▸ **What you will do**: Locate the string "message" throughout the material and copy every line in which it occurs.

▸ **Dataset records**:
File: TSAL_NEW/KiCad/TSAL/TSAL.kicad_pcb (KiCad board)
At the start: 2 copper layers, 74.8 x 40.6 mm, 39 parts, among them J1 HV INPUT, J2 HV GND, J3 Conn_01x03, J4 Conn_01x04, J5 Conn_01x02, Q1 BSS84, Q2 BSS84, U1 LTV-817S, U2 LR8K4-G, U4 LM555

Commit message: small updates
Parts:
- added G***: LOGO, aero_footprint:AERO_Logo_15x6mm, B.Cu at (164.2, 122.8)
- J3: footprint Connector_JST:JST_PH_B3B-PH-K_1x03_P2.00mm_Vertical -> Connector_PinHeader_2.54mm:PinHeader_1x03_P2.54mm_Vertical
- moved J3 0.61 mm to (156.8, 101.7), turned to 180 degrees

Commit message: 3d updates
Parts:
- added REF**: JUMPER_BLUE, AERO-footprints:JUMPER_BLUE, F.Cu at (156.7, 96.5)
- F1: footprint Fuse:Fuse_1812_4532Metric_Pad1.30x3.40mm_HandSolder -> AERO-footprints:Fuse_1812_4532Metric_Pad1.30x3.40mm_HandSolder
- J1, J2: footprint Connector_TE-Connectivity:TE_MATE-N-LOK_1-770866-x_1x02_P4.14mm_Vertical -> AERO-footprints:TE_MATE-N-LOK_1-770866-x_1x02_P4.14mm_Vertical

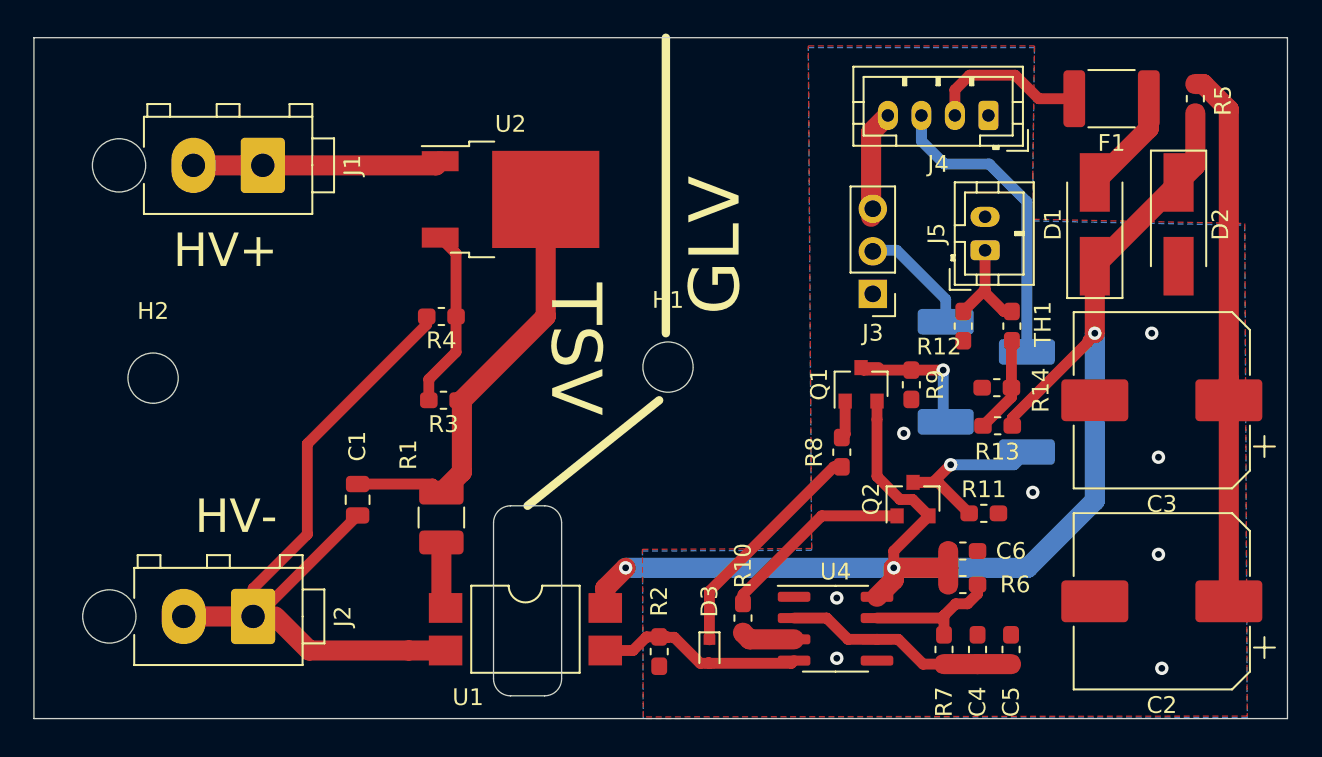
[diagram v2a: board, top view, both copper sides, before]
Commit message: Changed HVInput to Optoisolator and added HV sense pin
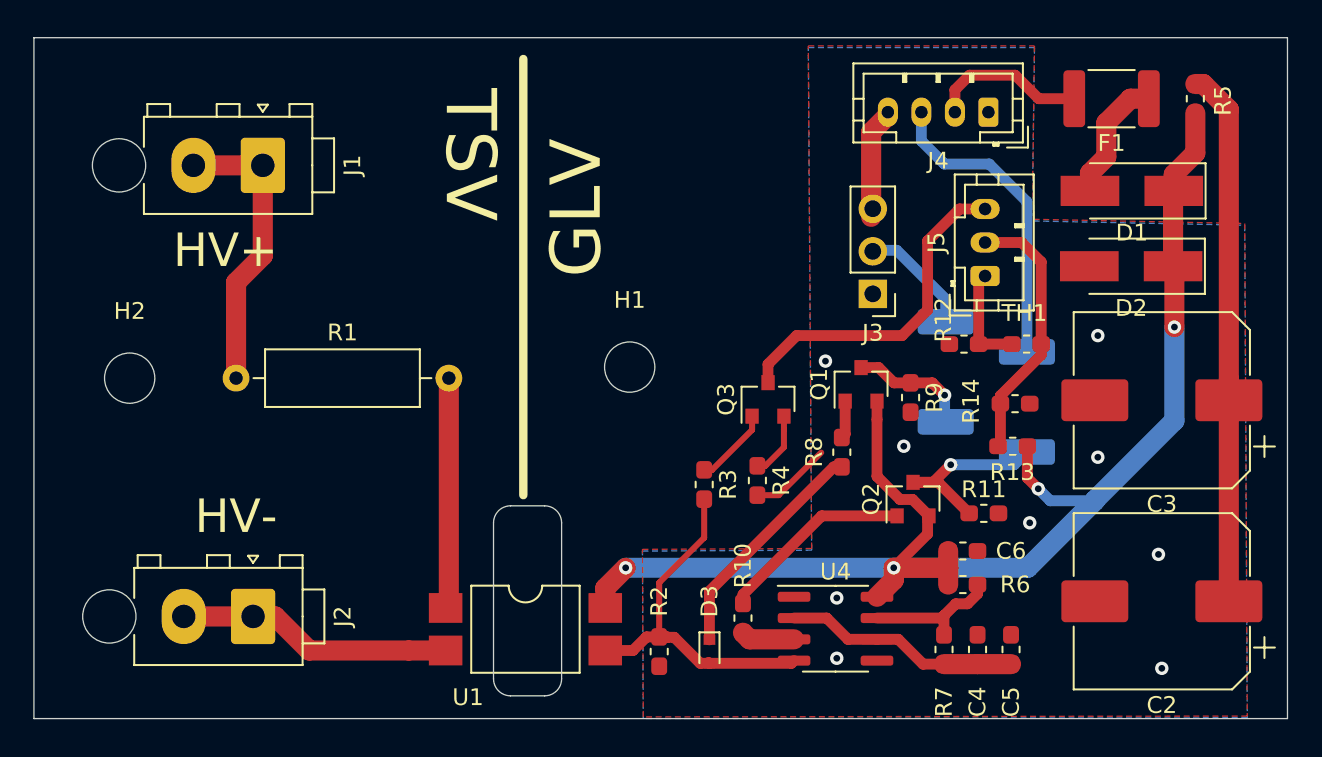
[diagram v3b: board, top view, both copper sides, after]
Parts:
- removed C1: C2012X7S2A105K125AB, Capacitor_SMD:C_0805_2012Metric
- removed G***: LOGO, aero_footprint:AERO_Logo_15x6mm
- removed REF**: JUMPER_BLUE, AERO-footprints:JUMPER_BLUE
- removed U2: LR8K4-G, Package_TO_SOT_SMD:TO-252-2
- added Q3: 2N7002, Package_TO_SOT_SMD:SOT-23, F.Cu at (150.5, 108.0)
- F1: footprint AERO-footprints:Fuse_1812_4532Metric_Pad1.30x3.40mm_HandSolder -> Fuse:Fuse_1812_4532Metric_Pad1.30x3.40mm_HandSolder
- J1, J2: footprint AERO-footprints:TE_MATE-N-LOK_1-770866-x_1x02_P4.14mm_Vertical -> Connector_TE-Connectivity:TE_MATE-N-LOK_1-770866-x_1x02_P4.14mm_Vertical
- J4: value Conn_01x04 -> B4B-PH-K
- J5: footprint Connector_JST:JST_PH_B2B-PH-K_1x02_P2.00mm_Vertical -> Connector_JST:JST_PH_B3B-PH-K_1x03_P2.00mm_Vertical
- R1: value 549 -> 33k axial; footprint Resistor_SMD:R_1210_3225Metric_Pad1.42x2.65mm_HandSolder -> Resistor_THT:R_Axial_DIN0309_L9.0mm_D3.2mm_P12.70mm_Horizontal
- R3: value 180k -> 100
- R4: value 20k -> 10k
- TH1: value Thermistor -> NCU18XH103F60RB
- moved R4 21.2 mm to (149.9, 112.8), turned to 270 degrees
- moved R3 16.4 mm to (146.7, 113.0), turned to 270 degrees
- moved R1 14.8 mm to (118.7, 106.7), turned to 0 degrees
- moved D2 3.77 mm to (172.2, 100.0), turned to 180 degrees
- moved D1 2.98 mm to (172.2, 95.5), turned to 180 degrees
- moved H1 2.29 mm to (142.2, 106.0)
- moved J5 1.53 mm to (163.4, 100.6)
- moved R13 1.52 mm to (165.1, 110.7)
- moved R14 1.45 mm to (165.2, 108.2), turned to 0 degrees
- moved H2 1.40 mm to (112.4, 106.7)
- moved TH1 1.38 mm to (165.9, 104.6), turned to 0 degrees
- moved R12 1.07 mm to (162.2, 104.6), turned to 0 degrees
- moved R9 0.76 mm to (159.0, 107.8)
- moved J4 0.19 mm to (163.7, 90.8)
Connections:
- J5 pad 2: GND -> Net-(J5-Pad2)
- R1 pad 1: +12VA -> /HV+
- R13 pad 2: Net-(R13-Pad2) -> Net-(J5-Pad2)
- R14 pad 1: Net-(R13-Pad2) -> Net-(J5-Pad2)
- R3 pad 1: +12VA -> Net-(Q3-Pad1)
- R3 pad 2: Net-(R3-Pad2) -> /HV_PRES
- R4 pad 1: Net-(R3-Pad2) -> Net-(Q3-Pad2)
- R4 pad 2: GNDA -> GND
- TH1 pad 2: Net-(R13-Pad2) -> Net-(J5-Pad2)
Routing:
- net GNDA: track 47.4 -> 16.5 mm
- net +12VA: track 25.3 -> 0.00 mm
- net /HV_PRES_TRUE: track 0.00 -> 20.3 mm
- net Net-(J5-Pad2): track 0.00 -> 15.9 mm
- net Net-(R3-Pad2): track 10.8 -> 0.00 mm
- net Net-(R1-Pad2): track 4.01 -> 13.8 mm
- net /HV_PRES: track 12.4 -> 21.7 mm
- net Net-(R13-Pad2): track 5.79 -> 0.00 mm
- net GND: track 0.00 -> 4.86 mm, vias 8 -> 9
- net Net-(Q3-Pad1): track 0.00 -> 4.67 mm
- net Net-(Q3-Pad2): track 0.00 -> 3.90 mm
- net /HV+: track 14.8 -> 17.5 mm
- net Net-(Q1-Pad3): track 9.16 -> 7.29 mm
- net Net-(D1-Pad2): track 6.34 -> 8.15 mm
- net +12V: track 85.7 -> 84.6 mm, vias 3 -> 4
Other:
- board text added: "TSAL rev2 G.Spearing 20.0225"
- board text removed: "TSAL G.Spearing 20.0131"

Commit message: change resistor
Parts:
- R1: footprint Resistor_THT:R_Axial_DIN0309_L9.0mm_D3.2mm_P12.70mm_Horizontal -> Resistor_THT:R_Axial_DIN0309_L9.0mm_D3.2mm_P20.32mm_Horizontal
- moved R1 16.0 mm to (128.5, 94.0), turned to 270 degrees
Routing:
- net Net-(R1-Pad2): track 13.8 -> 8.12 mm
- net /HV+: track 17.5 -> 12.3 mm
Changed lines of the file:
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@@
     (thickness 1.6)
     (drawings 27)
-    (tracks 164)
+    (tracks 163)
     (zones 0)
     (modules 38)
@@
   )
   (setup
-    (last_trace_width 0.65)
+    (last_trace_width 1.2)
     (user_trace_width 0.24)
     (user_trace_width 0.36)
@@
     (add_net GNDA)
   )
+  (module Resistor_THT:R_Axial_DIN0309_L9.0mm_D3.2mm_P20.32mm_Horizontal (layer F.Cu)
+    (at 128.524 93.98 270)
+    (descr "Resistor, Axial_DIN0309 series, Axial, Horizontal, pin pitch=20.32mm, 0.5W = 1/2W, length*diameter=9*3.2mm^2, http://cdn-reichelt.de/documents/datenblatt/B400/1_4W%23YAG.pdf")
+    (tags "Resistor Axial_DIN0309 series Axial Horizontal pin pitch 20.32mm 0.5W = 1/2W length 9mm diameter 3.2mm")
+    (fp_text reference R1 (at 10.16 -2.72 90) (layer F.SilkS)
+      (effects (font (size 1 1) (thickness 0.15)))
+    )
+    (fp_text value "33k axial" (at 10.16 2.72 90) (layer F.Fab)
+      (effects (font (size 1 1) (thickness 0.15)))
+    )
+    (fp_text user %R (at 10.16 0 90) (layer F.Fab)
+      (effects (font (size 1 1) (thickness 0.15)))
+    )
+    (fp_line (start 21.37 -1.85) (end -1.05 -1.85) (layer F.CrtYd) (width 0.05))
+    (fp_line (start 21.37 1.85) (end 21.37 -1.85) (layer F.CrtYd) (width 0.05))
+    (fp_line (start -1.05 1.85) (end 21.37 1.85) (layer F.CrtYd) (width 0.05))
+    (fp_line (start -1.05 -1.85) (end -1.05 1.85) (layer F.CrtYd) (width 0.05))
+    (fp_line (start 19.28 0) (end 14.78 0) (layer F.SilkS) (width 0.12))
+    (fp_line (start 1.04 0) (end 5.54 0) (layer F.SilkS) (width 0.12))
+    (fp_line (start 14.78 -1.72) (end 5.54 -1.72) (layer F.SilkS) (width 0.12))
+    (fp_line (start 14.78 1.72) (end 14.78 -1.72) (layer F.SilkS) (width 0.12))
+    (fp_line (start 5.54 1.72) (end 14.78 1.72) (layer F.SilkS) (width 0.12))
+    (fp_line (start 5.54 -1.72) (end 5.54 1.72) (layer F.SilkS) (width 0.12))
+    (fp_line (start 20.32 0) (end 14.66 0) (layer F.Fab) (width 0.1))
+    (fp_line (start 0 0) (end 5.66 0) (layer F.Fab) (width 0.1))
+    (fp_line (start 14.66 -1.6) (end 5.66 -1.6) (layer F.Fab) (width 0.1))
+    (fp_line (start 14.66 1.6) (end 14.66 -1.6) (layer F.Fab) (width 0.1))
+    (fp_line (start 5.66 1.6) (end 14.66 1.6) (layer F.Fab) (width 0.1))
+    (fp_line (start 5.66 -1.6) (end 5.66 1.6) (layer F.Fab) (width 0.1))
+    (pad 2 thru_hole oval (at 20.32 0 270) (size 1.6 1.6) (drill 0.8) (layers *.Cu *.Mask)
+      (net 17 "Net-(R1-Pad2)"))
+    (pad 1 thru_hole circle (at 0 0 270) (size 1.6 1.6) (drill 0.8) (layers *.Cu *.Mask)
+      (net 3 /HV+))
+    (model ${KISYS3DMOD}/Resistor_THT.3dshapes/R_Axial_DIN0309_L9.0mm_D3.2mm_P20.32mm_Horizontal.wrl
+      (at (xyz 0 0 0))
+      (scale (xyz 1 1 1))
+      (rotate (xyz 0 0 0))
+    )
+  )
   (module Resistor_SMD:R_0603_1608Metric_Pad1.05x0.95mm_HandSolder (layer F.Cu)
     (at 149.86 112.79 270)
@@
       (net 22 "Net-(J5-Pad2)"))
     (model ${KISYS3DMOD}/Resistor_SMD.3dshapes/R_0603_1608Metric.wrl
-      (at (xyz 0 0 0))
-      (scale (xyz 1 1 1))
-      (rotate (xyz 0 0 0))
-    )
-  )
-  (module Resistor_THT:R_Axial_DIN0309_L9.0mm_D3.2mm_P12.70mm_Horizontal (layer F.Cu)
-    (at 118.745 106.68)
-    (descr "Resistor, Axial_DIN0309 series, Axial, Horizontal, pin pitch=12.7mm, 0.5W = 1/2W, length*diameter=9*3.2mm^2, http://cdn-reichelt.de/documents/datenblatt/B400/1_4W%23YAG.pdf")
-    (tags "Resistor Axial_DIN0309 series Axial Horizontal pin pitch 12.7mm 0.5W = 1/2W length 9mm diameter 3.2mm")
-    (fp_text reference R1 (at 6.35 -2.72) (layer F.SilkS)
-      (effects (font (size 1 1) (thickness 0.15)))
-    )
-    (fp_text value "33k axial" (at 6.35 2.72) (layer F.Fab)
-      (effects (font (size 1 1) (thickness 0.15)))
-    )
-    (fp_text user %R (at 6.35 0) (layer F.Fab)
-      (effects (font (size 1 1) (thickness 0.15)))
-    )
-    (fp_line (start 13.75 -1.85) (end -1.05 -1.85) (layer F.CrtYd) (width 0.05))
-    (fp_line (start 13.75 1.85) (end 13.75 -1.85) (layer F.CrtYd) (width 0.05))
-    (fp_line (start -1.05 1.85) (end 13.75 1.85) (layer F.CrtYd) (width 0.05))
-    (fp_line (start -1.05 -1.85) (end -1.05 1.85) (layer F.CrtYd) (width 0.05))
-    (fp_line (start 11.66 0) (end 10.97 0) (layer F.SilkS) (width 0.12))
-    (fp_line (start 1.04 0) (end 1.73 0) (layer F.SilkS) (width 0.12))
-    (fp_line (start 10.97 -1.72) (end 1.73 -1.72) (layer F.SilkS) (width 0.12))
-    (fp_line (start 10.97 1.72) (end 10.97 -1.72) (layer F.SilkS) (width 0.12))
-    (fp_line (start 1.73 1.72) (end 10.97 1.72) (layer F.SilkS) (width 0.12))
-    (fp_line (start 1.73 -1.72) (end 1.73 1.72) (layer F.SilkS) (width 0.12))
-    (fp_line (start 12.7 0) (end 10.85 0) (layer F.Fab) (width 0.1))
-    (fp_line (start 0 0) (end 1.85 0) (layer F.Fab) (width 0.1))
-    (fp_line (start 10.85 -1.6) (end 1.85 -1.6) (layer F.Fab) (width 0.1))
-    (fp_line (start 10.85 1.6) (end 10.85 -1.6) (layer F.Fab) (width 0.1))
-    (fp_line (start 1.85 1.6) (end 10.85 1.6) (layer F.Fab) (width 0.1))
-    (fp_line (start 1.85 -1.6) (end 1.85 1.6) (layer F.Fab) (width 0.1))
-    (pad 2 thru_hole oval (at 12.7 0) (size 1.6 1.6) (drill 0.8) (layers *.Cu *.Mask)
-      (net 17 "Net-(R1-Pad2)"))
-    (pad 1 thru_hole circle (at 0 0) (size 1.6 1.6) (drill 0.8) (layers *.Cu *.Mask)
-      (net 3 /HV+))
-    (model ${KISYS3DMOD}/Resistor_THT.3dshapes/R_Axial_DIN0309_L9.0mm_D3.2mm_P12.70mm_Horizontal.wrl
       (at (xyz 0 0 0))
       (scale (xyz 1 1 1))
@@
   (segment (start 158.27 122.27) (end 159.75 123.75) (width 0.65) (layer F.Cu) (net 2))
   (segment (start 116.2 93.98) (end 120.34 93.98) (width 1.2) (layer F.Cu) (net 3))
-  (segment (start 120.34 93.98) (end 120.34 99.37) (width 1.2) (layer F.Cu) (net 3))
-  (segment (start 118.745 100.965) (end 118.745 106.68) (width 1.2) (layer F.Cu) (net 3))
-  (segment (start 120.34 99.37) (end 118.745 100.965) (width 1.2) (layer F.Cu) (net 3))
+  (segment (start 120.34 93.98) (end 128.524 93.98) (width 1.2) (layer F.Cu) (net 3))
   (segment (start 129.052 122.936) (end 131.252 122.936) (width 1.2) (layer F.Cu) (net 4))
   (segment (start 123.113 122.936) (end 129.052 122.936) (width 1.2) (layer F.Cu) (net 4))
@@
   (segment (start 153.7 114.9) (end 149 119.6) (width 0.65) (layer F.Cu) (net 16))
   (segment (start 158.2 114.9) (end 153.7 114.9) (width 0.65) (layer F.Cu) (net 16))
-  (segment (start 131.445 120.203) (end 131.252 120.396) (width 1.2) (layer F.Cu) (net 17))
-  (segment (start 131.445 106.68) (end 131.445 120.203) (width 1.2) (layer F.Cu) (net 17))
+  (segment (start 128.524 114.3) (end 130.048 114.3) (width 1.2) (layer F.Cu) (net 17))
+  (segment (start 131.252 115.504) (end 131.252 120.396) (width 1.2) (layer F.Cu) (net 17))
+  (segment (start 130.048 114.3) (end 131.252 115.504) (width 1.2) (layer F.Cu) (net 17))
   (segment (start 161.1 101.975) (end 158.175 99.05) (width 0.65) (layer B.Cu) (net 18))
   (segment (start 158.175 99.05) (end 156.65 99.05) (width 0.65) (layer B.Cu) (net 18))

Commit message: Updated PCB Layout
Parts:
- added Ref**: Val**, AERO_BOARD:hv_small, B.Cu at (120.4, 108.2)
- added Ref**: Val**, AERO_BOARD:hv_small, F.Cu at (120.4, 108.2)
- R1: footprint Resistor_THT:R_Axial_DIN0309_L9.0mm_D3.2mm_P20.32mm_Horizontal -> Resistor_THT:R_Axial_DIN0516_L15.5mm_D5.0mm_P25.40mm_Horizontal
- moved R1 3.21 mm to (129.5, 90.9)
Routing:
- net Net-(R1-Pad2): track 8.12 -> 4.77 mm
- net /HV+: track 12.3 -> 14.6 mm

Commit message: Minor Layout Changes
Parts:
- removed D3: 1N4148WT, Diode_SMD:D_SOD-523
- removed R12: 10k, Resistor_SMD:R_0603_1608Metric_Pad1.05x0.95mm_HandSolder
- removed R13, R14: R, Resistor_SMD:R_0603_1608Metric_Pad1.05x0.95mm_HandSolder
- removed Ref** (x2): Val**, AERO_BOARD:hv_small
- J1, J2: footprint Connector_TE-Connectivity:TE_MATE-N-LOK_1-770866-x_1x02_P4.14mm_Vertical -> AERO_FOOT:TE_MATE-N-LOK_1-770866-x_1x02_P4.14mm_Vertical
- J3: value Conn_01x03 -> B3B-PH-K
- R1: value 33k axial -> ROX3SJ39K
- R4: value 10k -> 100
- moved D1 2.50 mm to (174.7, 95.5)
- moved R5 2.31 mm to (178.3, 89.9)
- moved R1 0.51 mm to (129.5, 91.4)
- moved F1 0.31 mm to (170.7, 90.0)
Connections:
- R8 pad 2: Net-(D3-Pad1) -> /HV_PRES
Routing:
- net /HV_PRES: track 21.7 -> 37.2 mm
- net Net-(D3-Pad1): track 13.9 -> 0.00 mm
- net Net-(J5-Pad2): track 15.9 -> 8.73 mm
- net +12V: track 84.6 -> 80.2 mm, vias 4 -> 3
- net Net-(D1-Pad2): track 8.15 -> 5.79 mm
- net /12V_CAP: track 32.0 -> 32.6 mm

▸ **Expected output**:
Commit message: small updates
Commit message: 3d updates
Commit message: Changed HVInput to Optoisolator and added HV sense pin
Commit message: change resistor
Commit message: Updated PCB Layout
Commit message: Minor Layout Changes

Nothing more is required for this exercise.